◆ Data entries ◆

════

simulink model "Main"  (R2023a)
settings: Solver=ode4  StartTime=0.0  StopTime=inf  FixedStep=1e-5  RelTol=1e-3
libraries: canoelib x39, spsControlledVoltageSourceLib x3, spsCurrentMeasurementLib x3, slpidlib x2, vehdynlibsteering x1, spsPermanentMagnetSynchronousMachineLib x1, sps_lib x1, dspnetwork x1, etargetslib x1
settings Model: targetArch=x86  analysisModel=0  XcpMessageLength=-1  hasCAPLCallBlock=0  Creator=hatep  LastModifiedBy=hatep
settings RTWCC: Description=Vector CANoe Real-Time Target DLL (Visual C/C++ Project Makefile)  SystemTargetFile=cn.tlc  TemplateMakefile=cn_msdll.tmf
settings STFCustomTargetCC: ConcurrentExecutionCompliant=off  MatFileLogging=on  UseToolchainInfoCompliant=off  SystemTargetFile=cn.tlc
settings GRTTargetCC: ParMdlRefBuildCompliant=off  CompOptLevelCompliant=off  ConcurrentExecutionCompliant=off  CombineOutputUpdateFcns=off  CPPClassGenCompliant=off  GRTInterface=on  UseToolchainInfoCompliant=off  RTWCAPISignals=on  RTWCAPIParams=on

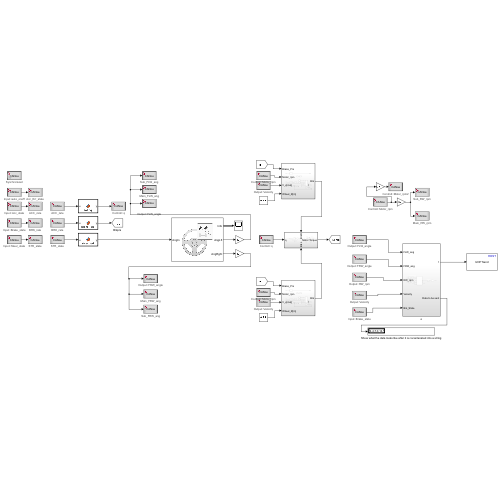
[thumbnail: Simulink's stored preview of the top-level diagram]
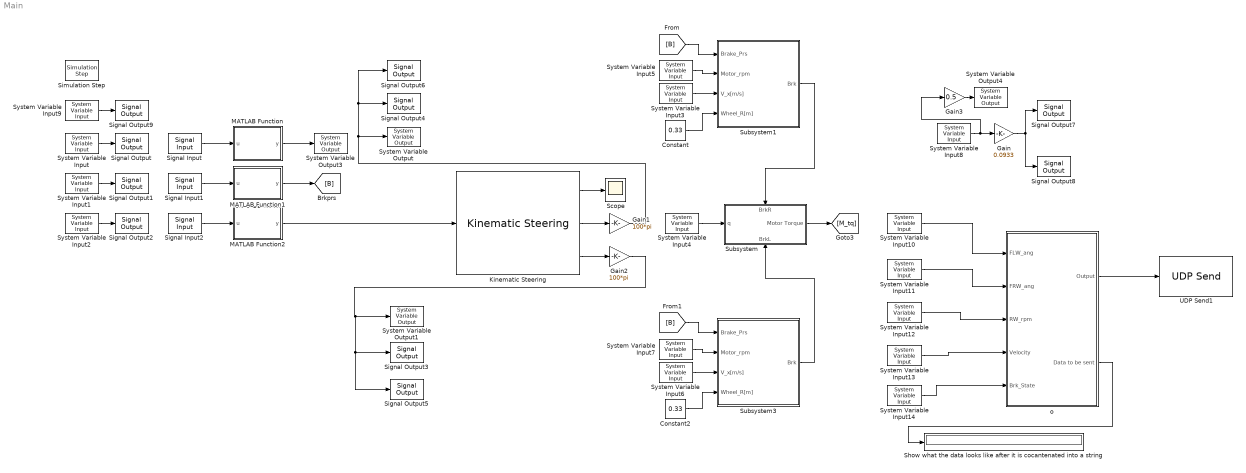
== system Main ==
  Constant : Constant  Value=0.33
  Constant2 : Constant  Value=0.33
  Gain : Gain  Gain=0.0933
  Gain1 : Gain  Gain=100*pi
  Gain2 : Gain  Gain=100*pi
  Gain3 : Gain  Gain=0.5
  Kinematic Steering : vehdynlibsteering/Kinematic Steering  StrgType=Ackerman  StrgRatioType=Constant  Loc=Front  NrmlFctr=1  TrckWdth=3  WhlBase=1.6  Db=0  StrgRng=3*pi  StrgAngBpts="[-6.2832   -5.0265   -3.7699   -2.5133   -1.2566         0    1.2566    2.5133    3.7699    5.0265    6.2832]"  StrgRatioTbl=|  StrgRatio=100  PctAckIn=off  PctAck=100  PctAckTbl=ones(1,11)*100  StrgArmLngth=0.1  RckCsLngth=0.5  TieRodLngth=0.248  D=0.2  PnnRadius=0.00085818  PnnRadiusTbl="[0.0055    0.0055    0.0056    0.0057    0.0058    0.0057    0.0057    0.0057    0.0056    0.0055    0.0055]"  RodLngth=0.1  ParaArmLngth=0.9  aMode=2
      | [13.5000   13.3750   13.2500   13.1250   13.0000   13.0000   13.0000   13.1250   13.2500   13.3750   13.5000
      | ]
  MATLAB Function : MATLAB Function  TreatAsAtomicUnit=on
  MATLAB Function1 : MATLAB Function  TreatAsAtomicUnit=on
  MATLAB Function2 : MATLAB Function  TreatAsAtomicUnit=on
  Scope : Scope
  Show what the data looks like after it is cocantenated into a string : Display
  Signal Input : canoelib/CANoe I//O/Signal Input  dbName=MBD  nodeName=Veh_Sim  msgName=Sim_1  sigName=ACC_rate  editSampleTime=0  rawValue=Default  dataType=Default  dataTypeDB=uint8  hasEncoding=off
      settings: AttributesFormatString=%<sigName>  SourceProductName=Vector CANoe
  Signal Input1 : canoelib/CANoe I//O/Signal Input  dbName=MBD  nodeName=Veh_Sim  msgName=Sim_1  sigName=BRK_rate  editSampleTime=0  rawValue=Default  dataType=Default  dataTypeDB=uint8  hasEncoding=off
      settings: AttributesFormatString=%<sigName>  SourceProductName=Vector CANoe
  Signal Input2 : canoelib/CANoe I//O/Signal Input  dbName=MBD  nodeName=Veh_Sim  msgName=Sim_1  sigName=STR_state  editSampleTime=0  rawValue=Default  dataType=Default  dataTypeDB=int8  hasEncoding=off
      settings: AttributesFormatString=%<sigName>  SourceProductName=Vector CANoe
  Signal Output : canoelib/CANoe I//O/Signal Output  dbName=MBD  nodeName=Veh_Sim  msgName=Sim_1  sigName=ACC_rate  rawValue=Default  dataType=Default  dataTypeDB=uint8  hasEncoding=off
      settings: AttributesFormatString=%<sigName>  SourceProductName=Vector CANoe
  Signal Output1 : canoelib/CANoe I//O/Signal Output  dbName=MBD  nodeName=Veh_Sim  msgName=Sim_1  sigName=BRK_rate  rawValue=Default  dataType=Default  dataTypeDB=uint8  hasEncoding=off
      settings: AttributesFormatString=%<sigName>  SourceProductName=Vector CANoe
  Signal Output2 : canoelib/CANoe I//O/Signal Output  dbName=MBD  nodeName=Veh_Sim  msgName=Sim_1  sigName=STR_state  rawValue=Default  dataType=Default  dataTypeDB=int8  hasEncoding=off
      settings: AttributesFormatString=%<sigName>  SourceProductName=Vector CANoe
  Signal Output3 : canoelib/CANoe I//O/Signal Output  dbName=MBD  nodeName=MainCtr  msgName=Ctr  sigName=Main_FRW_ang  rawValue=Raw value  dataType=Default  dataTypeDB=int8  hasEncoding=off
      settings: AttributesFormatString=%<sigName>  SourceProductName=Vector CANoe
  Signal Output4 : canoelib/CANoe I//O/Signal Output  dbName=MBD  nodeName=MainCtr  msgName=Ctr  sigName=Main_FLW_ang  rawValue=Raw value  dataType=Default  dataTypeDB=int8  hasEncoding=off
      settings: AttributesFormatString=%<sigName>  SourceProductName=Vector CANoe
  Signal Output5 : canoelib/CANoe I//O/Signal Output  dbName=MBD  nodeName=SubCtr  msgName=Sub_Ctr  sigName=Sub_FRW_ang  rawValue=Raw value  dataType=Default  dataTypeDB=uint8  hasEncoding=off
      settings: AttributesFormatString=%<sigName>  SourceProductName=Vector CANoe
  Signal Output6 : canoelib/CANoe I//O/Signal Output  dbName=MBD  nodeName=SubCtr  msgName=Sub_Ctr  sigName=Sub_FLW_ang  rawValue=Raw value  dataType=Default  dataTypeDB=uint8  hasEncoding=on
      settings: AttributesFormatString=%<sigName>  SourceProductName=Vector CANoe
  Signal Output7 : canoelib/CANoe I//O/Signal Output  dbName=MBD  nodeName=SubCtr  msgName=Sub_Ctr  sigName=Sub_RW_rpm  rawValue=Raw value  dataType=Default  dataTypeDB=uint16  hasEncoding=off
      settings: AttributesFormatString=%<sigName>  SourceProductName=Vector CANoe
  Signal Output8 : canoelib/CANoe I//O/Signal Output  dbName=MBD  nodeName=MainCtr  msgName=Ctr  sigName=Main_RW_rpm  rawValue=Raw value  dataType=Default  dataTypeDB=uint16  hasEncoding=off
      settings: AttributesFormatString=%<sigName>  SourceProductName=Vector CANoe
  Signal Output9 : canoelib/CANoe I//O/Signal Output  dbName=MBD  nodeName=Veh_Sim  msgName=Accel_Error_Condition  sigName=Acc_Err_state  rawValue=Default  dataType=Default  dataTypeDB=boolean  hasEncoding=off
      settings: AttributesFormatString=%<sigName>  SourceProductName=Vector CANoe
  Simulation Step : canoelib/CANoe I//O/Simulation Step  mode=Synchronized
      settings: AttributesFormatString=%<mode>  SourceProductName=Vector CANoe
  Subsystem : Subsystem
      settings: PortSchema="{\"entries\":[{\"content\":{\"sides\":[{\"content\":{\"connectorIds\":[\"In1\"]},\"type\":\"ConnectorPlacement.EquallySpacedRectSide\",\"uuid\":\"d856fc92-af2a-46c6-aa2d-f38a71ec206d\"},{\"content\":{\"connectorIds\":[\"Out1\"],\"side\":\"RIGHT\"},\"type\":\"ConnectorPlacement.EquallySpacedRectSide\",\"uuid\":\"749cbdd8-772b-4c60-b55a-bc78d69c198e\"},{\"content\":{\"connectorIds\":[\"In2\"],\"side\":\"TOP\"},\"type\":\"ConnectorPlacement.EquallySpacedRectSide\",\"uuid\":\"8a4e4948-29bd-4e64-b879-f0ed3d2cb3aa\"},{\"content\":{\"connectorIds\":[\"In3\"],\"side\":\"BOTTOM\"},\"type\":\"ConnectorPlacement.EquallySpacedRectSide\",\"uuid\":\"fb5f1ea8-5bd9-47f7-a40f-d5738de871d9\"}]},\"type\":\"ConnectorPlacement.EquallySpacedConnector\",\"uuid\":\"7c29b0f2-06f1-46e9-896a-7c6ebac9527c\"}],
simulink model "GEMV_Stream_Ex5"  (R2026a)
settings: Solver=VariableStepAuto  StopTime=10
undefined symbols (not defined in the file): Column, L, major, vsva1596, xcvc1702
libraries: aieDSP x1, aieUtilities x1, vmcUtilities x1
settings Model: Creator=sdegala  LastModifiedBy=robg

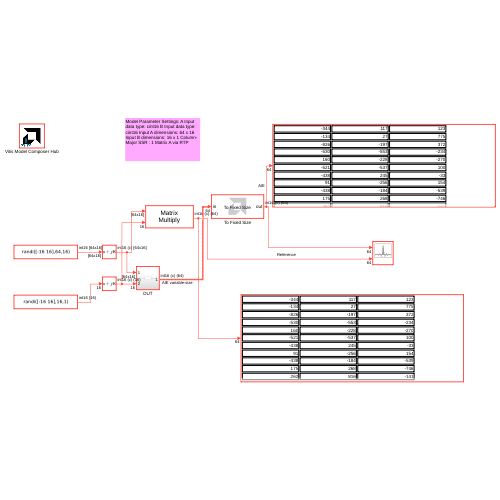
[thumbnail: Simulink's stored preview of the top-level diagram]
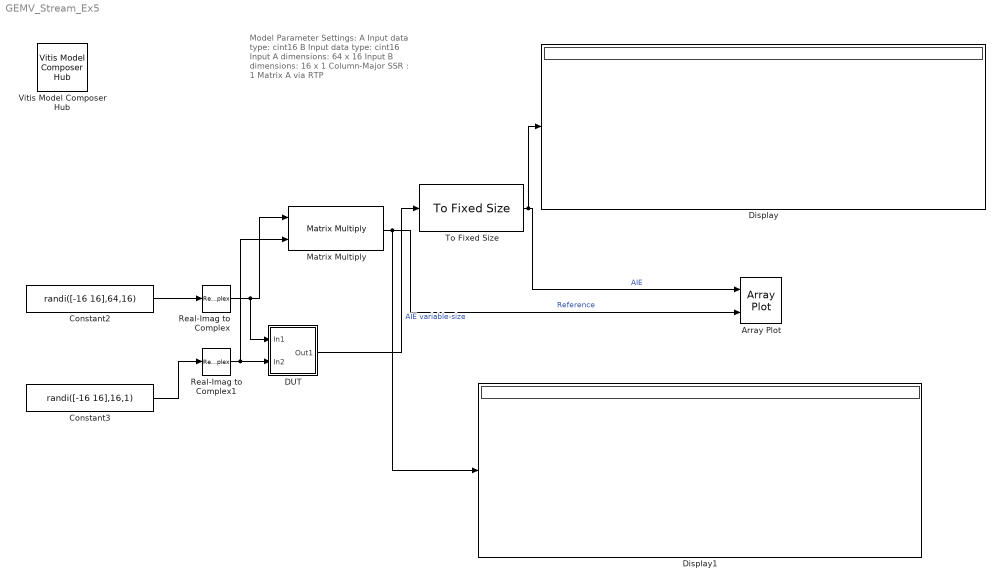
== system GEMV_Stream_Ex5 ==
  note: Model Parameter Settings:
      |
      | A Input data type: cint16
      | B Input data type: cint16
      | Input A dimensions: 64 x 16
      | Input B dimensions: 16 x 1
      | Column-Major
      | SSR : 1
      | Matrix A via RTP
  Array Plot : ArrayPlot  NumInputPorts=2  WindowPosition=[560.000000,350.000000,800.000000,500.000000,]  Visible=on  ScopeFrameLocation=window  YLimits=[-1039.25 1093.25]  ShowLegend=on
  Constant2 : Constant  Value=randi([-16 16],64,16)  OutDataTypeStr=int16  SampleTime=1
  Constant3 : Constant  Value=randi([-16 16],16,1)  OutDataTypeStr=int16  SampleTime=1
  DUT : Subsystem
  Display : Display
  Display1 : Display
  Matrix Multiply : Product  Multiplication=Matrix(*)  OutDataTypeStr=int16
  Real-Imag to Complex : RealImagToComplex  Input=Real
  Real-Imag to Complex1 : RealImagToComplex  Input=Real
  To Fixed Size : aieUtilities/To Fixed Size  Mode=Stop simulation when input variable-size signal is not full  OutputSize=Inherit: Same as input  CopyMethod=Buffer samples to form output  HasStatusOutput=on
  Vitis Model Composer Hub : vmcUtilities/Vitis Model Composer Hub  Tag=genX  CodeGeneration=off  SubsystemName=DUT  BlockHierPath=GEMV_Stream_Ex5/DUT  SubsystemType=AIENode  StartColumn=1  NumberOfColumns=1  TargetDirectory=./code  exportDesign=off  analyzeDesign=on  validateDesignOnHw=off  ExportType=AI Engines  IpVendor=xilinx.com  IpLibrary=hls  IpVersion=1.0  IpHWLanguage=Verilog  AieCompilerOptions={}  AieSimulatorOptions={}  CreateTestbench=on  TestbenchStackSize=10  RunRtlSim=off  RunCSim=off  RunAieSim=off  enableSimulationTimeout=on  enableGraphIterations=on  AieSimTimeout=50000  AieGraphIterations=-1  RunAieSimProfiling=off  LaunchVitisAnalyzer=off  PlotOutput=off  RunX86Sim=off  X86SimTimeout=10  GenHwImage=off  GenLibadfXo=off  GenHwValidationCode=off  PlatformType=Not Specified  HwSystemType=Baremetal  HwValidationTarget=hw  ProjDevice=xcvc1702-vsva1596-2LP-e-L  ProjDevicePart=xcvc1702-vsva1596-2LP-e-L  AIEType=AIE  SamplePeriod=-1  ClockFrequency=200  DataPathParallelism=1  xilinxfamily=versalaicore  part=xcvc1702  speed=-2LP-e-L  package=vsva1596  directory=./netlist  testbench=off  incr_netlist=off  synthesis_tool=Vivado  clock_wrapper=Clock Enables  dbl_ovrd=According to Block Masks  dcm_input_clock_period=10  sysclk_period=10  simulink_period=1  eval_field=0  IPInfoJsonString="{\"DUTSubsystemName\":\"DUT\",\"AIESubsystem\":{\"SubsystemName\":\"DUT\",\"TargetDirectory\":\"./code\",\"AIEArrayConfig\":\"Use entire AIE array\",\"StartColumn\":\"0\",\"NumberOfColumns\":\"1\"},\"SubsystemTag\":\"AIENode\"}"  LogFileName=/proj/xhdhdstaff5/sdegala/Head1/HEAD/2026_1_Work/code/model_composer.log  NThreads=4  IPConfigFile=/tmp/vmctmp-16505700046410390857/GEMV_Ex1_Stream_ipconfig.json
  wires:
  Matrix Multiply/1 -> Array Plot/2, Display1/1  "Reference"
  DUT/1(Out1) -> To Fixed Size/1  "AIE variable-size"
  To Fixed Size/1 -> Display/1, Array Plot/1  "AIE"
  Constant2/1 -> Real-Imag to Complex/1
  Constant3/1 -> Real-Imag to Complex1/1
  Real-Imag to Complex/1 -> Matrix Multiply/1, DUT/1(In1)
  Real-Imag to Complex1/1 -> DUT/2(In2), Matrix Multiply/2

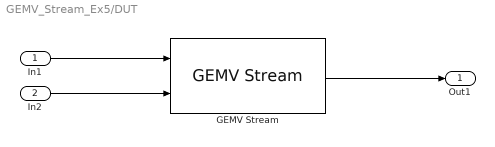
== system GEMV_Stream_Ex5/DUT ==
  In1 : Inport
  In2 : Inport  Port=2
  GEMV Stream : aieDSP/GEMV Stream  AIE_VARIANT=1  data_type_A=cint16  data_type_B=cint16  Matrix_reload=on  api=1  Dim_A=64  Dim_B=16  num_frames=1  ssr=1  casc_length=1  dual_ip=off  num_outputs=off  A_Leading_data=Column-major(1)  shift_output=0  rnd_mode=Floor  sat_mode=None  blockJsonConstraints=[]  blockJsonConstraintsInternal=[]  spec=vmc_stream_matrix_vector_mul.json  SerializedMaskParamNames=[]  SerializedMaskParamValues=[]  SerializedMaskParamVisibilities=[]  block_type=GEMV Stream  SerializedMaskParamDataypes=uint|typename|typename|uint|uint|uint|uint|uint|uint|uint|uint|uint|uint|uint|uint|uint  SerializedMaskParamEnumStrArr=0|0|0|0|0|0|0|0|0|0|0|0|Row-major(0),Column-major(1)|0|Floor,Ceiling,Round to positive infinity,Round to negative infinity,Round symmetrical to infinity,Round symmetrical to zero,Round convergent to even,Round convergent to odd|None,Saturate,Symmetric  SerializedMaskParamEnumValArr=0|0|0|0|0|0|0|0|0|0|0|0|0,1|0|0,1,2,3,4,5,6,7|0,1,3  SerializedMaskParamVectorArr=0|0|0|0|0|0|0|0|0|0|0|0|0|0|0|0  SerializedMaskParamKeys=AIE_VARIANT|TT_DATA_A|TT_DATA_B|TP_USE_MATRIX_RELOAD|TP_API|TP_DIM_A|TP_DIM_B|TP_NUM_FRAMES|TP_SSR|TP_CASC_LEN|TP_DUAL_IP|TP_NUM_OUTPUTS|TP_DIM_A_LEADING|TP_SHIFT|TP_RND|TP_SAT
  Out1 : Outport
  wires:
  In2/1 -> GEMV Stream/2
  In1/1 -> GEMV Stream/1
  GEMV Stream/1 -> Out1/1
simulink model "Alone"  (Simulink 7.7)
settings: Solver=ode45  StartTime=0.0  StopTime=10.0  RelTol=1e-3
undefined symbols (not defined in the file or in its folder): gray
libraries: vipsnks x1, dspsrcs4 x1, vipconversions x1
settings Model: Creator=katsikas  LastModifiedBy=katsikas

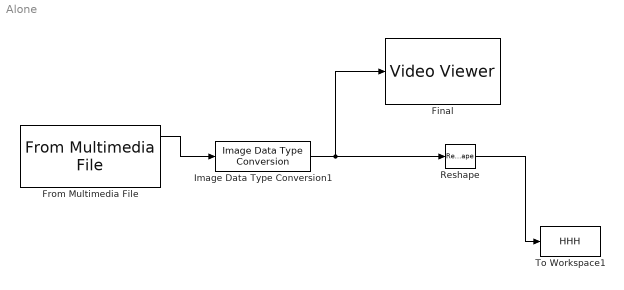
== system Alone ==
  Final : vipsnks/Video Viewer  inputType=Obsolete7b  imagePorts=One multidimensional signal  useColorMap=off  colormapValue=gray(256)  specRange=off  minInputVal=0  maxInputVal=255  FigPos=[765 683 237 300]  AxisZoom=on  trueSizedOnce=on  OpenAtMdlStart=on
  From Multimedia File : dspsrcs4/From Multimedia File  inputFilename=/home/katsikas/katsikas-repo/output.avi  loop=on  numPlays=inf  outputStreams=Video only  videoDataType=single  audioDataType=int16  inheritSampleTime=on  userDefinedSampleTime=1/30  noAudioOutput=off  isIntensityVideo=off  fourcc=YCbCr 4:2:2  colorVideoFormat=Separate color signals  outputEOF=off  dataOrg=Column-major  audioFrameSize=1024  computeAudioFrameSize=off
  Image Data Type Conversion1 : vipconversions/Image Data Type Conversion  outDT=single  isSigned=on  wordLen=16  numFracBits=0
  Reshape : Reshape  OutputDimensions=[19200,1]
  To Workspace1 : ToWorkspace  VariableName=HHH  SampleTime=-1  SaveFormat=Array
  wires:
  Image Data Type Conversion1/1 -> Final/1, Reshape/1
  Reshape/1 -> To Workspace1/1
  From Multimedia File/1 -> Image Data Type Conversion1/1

════

◆ TASK PROMPT ◆
Transcribe exactly and only the lines from the top of the records through the line containing "Gain3 : Gain", inclusive, and do not copy the pictures.

◆ ANSWER SECTION ◆
simulink model "Main"  (R2023a)
settings: Solver=ode4  StartTime=0.0  StopTime=inf  FixedStep=1e-5  RelTol=1e-3
libraries: canoelib x39, spsControlledVoltageSourceLib x3, spsCurrentMeasurementLib x3, slpidlib x2, vehdynlibsteering x1, spsPermanentMagnetSynchronousMachineLib x1, sps_lib x1, dspnetwork x1, etargetslib x1
settings Model: targetArch=x86  analysisModel=0  XcpMessageLength=-1  hasCAPLCallBlock=0  Creator=hatep  LastModifiedBy=hatep
settings RTWCC: Description=Vector CANoe Real-Time Target DLL (Visual C/C++ Project Makefile)  SystemTargetFile=cn.tlc  TemplateMakefile=cn_msdll.tmf
settings STFCustomTargetCC: ConcurrentExecutionCompliant=off  MatFileLogging=on  UseToolchainInfoCompliant=off  SystemTargetFile=cn.tlc
settings GRTTargetCC: ParMdlRefBuildCompliant=off  CompOptLevelCompliant=off  ConcurrentExecutionCompliant=off  CombineOutputUpdateFcns=off  CPPClassGenCompliant=off  GRTInterface=on  UseToolchainInfoCompliant=off  RTWCAPISignals=on  RTWCAPIParams=on

[thumbnail: Simulink's stored preview of the top-level diagram]
== system Main ==
  Constant : Constant  Value=0.33
  Constant2 : Constant  Value=0.33
  Gain : Gain  Gain=0.0933
  Gain1 : Gain  Gain=100*pi
  Gain2 : Gain  Gain=100*pi
  Gain3 : Gain  Gain=0.5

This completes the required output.